Aim of the task: Check every line of the records below for the string "page", then report only how many lines have it.

Extracted material:
· · ·

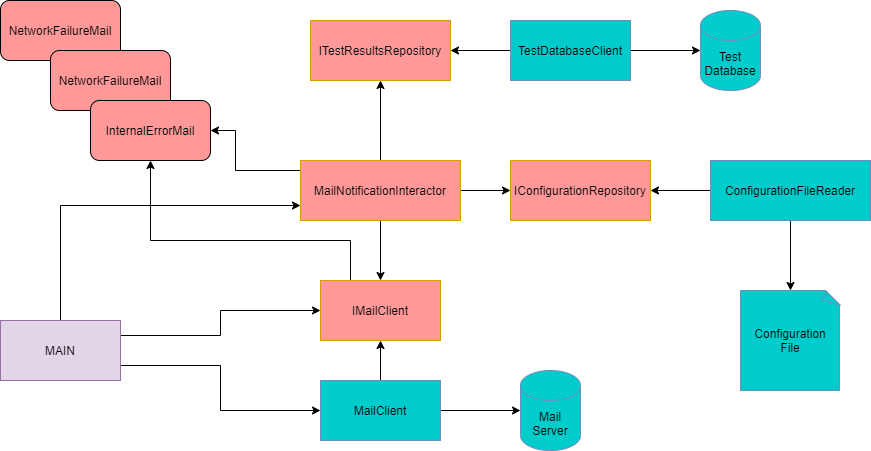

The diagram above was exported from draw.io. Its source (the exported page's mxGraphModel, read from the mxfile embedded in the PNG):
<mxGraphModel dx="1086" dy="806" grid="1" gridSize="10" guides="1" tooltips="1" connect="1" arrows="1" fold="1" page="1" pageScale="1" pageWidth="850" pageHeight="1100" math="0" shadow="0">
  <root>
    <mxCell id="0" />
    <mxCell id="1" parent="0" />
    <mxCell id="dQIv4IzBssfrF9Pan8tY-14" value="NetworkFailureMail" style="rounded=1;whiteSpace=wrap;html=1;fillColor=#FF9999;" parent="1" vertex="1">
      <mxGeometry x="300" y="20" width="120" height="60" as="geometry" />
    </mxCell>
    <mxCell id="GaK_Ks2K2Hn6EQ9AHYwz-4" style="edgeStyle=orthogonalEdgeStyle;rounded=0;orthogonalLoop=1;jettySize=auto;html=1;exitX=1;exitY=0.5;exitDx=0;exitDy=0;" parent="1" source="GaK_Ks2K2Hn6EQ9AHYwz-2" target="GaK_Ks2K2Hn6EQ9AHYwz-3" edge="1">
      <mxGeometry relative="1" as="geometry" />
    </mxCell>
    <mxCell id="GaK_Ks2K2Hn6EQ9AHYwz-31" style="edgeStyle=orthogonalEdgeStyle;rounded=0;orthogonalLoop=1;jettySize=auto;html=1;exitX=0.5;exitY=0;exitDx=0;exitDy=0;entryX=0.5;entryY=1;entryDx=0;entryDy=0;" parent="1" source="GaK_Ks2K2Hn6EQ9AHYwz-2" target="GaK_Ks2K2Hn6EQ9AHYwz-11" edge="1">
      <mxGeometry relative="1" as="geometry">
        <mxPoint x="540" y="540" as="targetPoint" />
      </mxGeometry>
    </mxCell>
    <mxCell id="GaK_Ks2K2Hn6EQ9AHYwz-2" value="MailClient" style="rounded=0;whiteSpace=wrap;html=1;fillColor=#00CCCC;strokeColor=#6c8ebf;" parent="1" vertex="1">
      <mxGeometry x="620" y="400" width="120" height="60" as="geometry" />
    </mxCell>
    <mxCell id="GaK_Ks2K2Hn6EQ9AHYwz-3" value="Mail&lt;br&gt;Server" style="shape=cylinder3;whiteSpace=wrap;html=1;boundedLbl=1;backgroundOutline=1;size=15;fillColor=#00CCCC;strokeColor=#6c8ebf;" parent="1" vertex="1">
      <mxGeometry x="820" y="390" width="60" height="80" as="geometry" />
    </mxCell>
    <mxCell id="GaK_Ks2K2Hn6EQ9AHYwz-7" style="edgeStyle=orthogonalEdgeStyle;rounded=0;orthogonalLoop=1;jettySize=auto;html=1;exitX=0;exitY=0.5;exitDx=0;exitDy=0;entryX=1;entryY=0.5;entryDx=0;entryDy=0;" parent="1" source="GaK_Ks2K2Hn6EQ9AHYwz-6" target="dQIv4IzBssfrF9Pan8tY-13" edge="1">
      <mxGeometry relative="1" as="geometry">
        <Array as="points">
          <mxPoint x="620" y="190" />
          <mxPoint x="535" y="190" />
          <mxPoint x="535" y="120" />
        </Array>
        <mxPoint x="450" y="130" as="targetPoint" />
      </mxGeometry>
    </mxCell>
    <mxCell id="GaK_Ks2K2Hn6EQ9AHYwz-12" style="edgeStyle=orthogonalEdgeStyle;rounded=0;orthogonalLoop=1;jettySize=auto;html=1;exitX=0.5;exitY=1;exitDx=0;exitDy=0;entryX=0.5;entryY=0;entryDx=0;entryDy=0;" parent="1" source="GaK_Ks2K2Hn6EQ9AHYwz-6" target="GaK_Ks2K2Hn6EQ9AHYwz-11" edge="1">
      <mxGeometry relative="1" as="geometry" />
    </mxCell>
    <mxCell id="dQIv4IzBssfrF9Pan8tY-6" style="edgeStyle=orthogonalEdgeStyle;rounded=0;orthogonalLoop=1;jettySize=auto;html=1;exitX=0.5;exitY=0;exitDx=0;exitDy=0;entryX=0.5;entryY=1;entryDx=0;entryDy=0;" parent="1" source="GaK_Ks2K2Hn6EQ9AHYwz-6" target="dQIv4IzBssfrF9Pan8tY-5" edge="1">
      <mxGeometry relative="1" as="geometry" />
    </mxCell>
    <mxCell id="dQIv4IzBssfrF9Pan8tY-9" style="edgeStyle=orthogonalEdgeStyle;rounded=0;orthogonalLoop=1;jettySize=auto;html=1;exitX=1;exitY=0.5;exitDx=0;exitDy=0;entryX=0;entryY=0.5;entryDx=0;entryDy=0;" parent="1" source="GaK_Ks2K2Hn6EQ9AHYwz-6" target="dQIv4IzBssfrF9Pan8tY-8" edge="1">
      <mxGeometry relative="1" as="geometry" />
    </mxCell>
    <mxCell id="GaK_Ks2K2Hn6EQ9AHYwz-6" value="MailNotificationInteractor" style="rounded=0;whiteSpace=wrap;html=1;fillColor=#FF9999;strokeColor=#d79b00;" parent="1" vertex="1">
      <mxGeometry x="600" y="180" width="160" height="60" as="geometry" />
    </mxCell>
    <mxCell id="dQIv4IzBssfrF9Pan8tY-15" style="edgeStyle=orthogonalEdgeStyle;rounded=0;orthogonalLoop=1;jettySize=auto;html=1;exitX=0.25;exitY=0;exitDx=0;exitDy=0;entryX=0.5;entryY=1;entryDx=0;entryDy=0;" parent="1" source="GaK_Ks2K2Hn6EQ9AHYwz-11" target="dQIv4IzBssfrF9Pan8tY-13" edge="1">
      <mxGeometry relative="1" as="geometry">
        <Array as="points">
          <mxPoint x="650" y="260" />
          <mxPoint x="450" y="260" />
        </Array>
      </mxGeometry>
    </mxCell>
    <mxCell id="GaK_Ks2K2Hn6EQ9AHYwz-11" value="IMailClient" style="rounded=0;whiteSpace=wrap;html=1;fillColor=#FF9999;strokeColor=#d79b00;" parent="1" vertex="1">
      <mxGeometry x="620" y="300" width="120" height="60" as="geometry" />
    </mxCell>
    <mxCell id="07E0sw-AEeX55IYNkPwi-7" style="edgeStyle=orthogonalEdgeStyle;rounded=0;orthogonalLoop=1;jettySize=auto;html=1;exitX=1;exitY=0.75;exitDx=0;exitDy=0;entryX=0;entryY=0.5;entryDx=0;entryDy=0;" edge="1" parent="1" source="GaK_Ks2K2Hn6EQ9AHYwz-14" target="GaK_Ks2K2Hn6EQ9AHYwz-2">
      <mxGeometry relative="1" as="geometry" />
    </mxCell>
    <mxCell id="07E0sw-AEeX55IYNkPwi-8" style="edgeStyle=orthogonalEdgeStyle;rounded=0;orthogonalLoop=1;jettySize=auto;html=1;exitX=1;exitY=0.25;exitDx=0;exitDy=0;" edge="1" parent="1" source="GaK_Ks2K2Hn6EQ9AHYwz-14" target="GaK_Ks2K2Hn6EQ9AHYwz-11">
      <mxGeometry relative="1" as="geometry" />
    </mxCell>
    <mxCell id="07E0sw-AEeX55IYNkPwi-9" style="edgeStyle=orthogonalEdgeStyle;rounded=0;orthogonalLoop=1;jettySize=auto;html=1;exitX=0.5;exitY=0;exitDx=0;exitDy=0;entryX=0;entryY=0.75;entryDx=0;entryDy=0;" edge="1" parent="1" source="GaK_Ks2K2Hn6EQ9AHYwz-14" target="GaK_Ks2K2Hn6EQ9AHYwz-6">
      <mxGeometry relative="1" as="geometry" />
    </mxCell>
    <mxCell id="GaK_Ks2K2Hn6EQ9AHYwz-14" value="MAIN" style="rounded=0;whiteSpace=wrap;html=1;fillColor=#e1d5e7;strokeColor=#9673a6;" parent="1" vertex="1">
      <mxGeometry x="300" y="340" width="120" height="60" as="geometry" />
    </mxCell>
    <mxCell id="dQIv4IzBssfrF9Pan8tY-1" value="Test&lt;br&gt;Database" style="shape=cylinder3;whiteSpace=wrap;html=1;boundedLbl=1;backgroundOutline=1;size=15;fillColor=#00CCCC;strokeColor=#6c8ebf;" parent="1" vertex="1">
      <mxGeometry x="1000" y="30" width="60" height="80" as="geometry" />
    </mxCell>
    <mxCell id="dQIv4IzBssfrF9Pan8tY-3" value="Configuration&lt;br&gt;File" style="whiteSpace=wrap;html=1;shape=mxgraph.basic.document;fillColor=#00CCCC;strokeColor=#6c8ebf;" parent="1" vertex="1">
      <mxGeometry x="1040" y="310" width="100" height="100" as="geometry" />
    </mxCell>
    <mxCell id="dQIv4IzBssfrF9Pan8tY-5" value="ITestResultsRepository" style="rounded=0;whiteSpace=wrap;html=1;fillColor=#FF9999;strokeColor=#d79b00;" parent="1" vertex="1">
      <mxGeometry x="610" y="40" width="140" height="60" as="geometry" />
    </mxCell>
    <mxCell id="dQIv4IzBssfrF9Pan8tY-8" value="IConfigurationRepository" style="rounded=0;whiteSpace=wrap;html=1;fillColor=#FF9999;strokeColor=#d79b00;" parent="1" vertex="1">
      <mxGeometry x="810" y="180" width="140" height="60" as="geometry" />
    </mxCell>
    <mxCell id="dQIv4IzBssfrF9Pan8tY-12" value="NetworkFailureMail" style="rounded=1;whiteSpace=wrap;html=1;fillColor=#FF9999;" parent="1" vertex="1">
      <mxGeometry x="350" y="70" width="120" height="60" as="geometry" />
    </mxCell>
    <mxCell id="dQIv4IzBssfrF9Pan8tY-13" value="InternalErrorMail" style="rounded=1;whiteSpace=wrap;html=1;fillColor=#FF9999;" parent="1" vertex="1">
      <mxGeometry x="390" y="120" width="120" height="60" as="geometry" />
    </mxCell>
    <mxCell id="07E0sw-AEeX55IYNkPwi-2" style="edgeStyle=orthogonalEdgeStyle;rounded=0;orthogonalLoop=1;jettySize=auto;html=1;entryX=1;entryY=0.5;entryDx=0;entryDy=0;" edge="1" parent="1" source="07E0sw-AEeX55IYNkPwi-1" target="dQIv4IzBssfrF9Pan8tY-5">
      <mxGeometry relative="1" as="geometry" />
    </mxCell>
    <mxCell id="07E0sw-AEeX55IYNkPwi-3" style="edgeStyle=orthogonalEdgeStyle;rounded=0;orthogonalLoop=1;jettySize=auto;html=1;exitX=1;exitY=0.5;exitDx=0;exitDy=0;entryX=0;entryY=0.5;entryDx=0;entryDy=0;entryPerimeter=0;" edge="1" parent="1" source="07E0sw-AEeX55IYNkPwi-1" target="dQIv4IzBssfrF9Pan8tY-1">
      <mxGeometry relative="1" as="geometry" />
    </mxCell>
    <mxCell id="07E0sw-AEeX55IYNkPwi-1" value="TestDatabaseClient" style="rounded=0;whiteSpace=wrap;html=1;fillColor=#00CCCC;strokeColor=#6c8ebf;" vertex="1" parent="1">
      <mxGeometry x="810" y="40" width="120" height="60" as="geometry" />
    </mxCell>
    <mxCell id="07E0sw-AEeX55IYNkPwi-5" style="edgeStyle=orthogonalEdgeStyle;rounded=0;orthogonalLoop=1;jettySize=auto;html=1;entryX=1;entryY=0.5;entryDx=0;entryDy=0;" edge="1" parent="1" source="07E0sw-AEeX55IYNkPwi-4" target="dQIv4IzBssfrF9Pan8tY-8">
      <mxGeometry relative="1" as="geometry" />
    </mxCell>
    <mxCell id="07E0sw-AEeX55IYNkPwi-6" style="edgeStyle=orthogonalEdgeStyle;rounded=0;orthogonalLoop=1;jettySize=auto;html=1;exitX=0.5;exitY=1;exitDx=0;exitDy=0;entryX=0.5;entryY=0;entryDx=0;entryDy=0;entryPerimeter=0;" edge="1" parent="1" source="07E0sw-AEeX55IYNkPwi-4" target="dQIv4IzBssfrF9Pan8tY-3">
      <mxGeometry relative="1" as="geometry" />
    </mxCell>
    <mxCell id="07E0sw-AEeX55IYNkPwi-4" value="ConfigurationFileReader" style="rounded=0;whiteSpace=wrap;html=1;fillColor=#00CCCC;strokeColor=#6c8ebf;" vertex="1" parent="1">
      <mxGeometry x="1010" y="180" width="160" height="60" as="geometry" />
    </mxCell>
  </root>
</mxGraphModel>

· · ·

Response to this exercise: 2